What to produce :: Your response should consist solely of the lines from the one containing "#31168 = ORIENTED_EDGE" through the final line of the entries, repeated exactly.

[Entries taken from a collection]
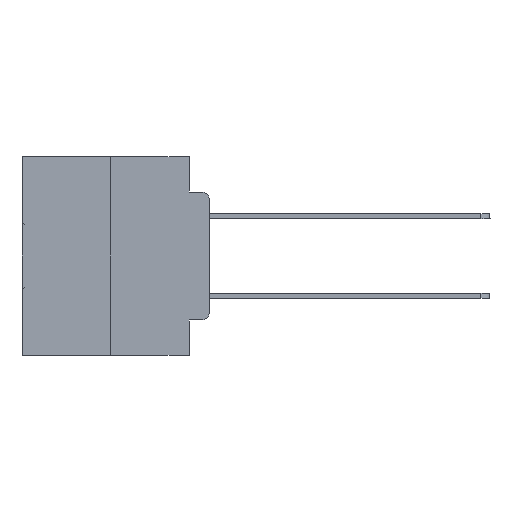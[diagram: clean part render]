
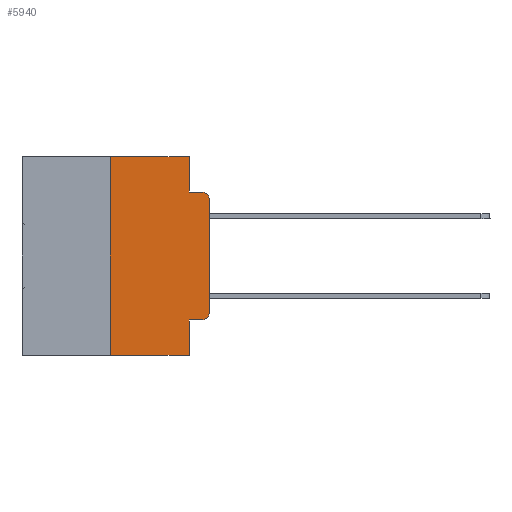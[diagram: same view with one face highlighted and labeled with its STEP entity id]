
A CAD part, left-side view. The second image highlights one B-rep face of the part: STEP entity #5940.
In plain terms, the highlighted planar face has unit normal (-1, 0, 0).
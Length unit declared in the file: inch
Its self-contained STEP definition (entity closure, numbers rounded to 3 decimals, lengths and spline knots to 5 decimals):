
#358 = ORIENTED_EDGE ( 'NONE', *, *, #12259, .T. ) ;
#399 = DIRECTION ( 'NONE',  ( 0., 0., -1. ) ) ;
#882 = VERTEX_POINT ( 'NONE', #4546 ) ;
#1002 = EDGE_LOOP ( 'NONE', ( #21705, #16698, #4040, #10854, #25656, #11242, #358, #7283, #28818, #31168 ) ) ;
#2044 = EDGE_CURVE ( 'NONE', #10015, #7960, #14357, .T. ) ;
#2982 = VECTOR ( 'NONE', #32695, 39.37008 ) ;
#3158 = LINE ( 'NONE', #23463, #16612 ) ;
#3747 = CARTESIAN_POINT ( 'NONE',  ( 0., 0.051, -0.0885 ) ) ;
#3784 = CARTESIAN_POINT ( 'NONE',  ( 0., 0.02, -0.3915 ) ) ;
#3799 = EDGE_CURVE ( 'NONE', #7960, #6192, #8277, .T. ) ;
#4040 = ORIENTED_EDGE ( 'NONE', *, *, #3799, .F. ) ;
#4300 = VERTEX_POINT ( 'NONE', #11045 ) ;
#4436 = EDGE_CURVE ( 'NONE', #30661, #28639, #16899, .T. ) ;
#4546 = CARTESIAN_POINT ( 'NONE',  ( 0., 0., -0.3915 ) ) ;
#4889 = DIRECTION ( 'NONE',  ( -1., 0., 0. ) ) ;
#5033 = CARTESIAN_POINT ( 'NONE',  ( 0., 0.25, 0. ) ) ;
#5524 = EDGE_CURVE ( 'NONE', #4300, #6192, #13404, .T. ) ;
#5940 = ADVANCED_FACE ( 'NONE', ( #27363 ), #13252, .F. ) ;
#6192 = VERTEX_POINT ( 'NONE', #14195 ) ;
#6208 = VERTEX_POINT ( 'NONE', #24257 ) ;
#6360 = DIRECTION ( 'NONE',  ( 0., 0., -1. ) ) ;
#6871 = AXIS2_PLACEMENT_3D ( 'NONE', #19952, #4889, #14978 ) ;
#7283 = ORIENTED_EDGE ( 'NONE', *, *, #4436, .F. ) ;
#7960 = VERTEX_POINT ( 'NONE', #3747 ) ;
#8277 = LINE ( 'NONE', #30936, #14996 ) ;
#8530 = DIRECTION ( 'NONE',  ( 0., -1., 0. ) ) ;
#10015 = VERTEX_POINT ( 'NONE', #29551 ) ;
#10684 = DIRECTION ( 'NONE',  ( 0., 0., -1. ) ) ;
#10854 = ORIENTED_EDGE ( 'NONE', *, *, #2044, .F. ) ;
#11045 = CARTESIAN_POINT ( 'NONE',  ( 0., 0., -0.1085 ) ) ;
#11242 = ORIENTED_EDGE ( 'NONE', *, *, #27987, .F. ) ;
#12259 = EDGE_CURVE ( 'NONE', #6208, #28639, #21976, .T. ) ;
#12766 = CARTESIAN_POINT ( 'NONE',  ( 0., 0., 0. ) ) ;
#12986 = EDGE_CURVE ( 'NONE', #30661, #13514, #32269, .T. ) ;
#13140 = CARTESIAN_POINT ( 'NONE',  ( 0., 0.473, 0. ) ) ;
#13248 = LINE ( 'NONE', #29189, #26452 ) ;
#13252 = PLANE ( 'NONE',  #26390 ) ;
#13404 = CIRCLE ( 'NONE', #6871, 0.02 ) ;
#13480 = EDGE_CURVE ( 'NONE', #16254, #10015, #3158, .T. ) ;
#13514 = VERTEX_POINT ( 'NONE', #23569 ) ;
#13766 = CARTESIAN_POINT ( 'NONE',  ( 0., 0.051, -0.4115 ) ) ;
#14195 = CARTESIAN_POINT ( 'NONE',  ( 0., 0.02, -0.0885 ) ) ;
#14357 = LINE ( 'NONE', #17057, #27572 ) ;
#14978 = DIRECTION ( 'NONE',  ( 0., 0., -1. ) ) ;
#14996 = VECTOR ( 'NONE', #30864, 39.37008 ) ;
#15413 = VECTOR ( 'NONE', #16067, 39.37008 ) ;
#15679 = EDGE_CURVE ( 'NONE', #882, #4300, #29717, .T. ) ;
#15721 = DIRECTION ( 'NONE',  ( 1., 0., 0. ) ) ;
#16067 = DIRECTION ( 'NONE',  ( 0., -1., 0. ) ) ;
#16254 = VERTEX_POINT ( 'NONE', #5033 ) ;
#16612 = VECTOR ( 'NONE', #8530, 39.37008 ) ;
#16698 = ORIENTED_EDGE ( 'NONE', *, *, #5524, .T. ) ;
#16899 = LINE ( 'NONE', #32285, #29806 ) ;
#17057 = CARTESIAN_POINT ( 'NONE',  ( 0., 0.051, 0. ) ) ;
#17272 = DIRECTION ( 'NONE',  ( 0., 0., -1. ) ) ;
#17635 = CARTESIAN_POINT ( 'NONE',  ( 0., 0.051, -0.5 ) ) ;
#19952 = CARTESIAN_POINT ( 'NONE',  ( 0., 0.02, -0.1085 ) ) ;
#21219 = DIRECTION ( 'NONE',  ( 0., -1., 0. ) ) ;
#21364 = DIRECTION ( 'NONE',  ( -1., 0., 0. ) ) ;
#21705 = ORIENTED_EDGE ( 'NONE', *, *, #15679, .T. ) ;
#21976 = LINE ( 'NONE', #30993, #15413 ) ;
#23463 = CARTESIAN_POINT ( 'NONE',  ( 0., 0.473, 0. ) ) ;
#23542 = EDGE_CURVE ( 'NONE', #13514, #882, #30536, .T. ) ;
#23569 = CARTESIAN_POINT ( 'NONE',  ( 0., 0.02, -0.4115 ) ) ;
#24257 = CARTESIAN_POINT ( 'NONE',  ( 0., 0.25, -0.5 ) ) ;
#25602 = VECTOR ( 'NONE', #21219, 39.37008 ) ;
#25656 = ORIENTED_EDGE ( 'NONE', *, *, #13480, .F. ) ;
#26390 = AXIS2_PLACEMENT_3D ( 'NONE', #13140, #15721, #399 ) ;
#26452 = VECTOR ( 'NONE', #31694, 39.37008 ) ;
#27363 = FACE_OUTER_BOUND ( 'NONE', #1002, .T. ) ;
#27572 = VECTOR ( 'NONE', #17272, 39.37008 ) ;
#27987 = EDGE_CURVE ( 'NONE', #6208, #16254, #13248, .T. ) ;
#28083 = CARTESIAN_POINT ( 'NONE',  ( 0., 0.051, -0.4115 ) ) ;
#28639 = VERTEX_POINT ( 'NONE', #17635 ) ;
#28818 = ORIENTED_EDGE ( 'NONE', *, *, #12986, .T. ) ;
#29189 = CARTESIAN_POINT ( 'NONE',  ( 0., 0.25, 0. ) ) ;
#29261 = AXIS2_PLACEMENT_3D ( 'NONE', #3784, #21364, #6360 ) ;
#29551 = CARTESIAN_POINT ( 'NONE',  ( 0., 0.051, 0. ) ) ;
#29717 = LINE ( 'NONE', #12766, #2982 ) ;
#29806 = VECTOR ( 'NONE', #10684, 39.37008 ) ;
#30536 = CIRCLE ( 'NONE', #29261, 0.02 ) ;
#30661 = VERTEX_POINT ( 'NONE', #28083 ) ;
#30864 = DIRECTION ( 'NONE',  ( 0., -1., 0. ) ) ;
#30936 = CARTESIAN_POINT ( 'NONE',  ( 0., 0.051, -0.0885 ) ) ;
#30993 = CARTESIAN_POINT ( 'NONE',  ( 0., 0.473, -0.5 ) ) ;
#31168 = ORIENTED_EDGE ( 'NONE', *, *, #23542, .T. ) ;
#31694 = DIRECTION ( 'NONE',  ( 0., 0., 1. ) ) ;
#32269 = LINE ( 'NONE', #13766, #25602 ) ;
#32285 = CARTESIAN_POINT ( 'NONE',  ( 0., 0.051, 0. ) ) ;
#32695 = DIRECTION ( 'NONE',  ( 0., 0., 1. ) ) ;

Your response ::
#31168 = ORIENTED_EDGE ( 'NONE', *, *, #23542, .T. ) ;
#31694 = DIRECTION ( 'NONE',  ( 0., 0., 1. ) ) ;
#32269 = LINE ( 'NONE', #13766, #25602 ) ;
#32285 = CARTESIAN_POINT ( 'NONE',  ( 0., 0.051, 0. ) ) ;
#32695 = DIRECTION ( 'NONE',  ( 0., 0., 1. ) ) ;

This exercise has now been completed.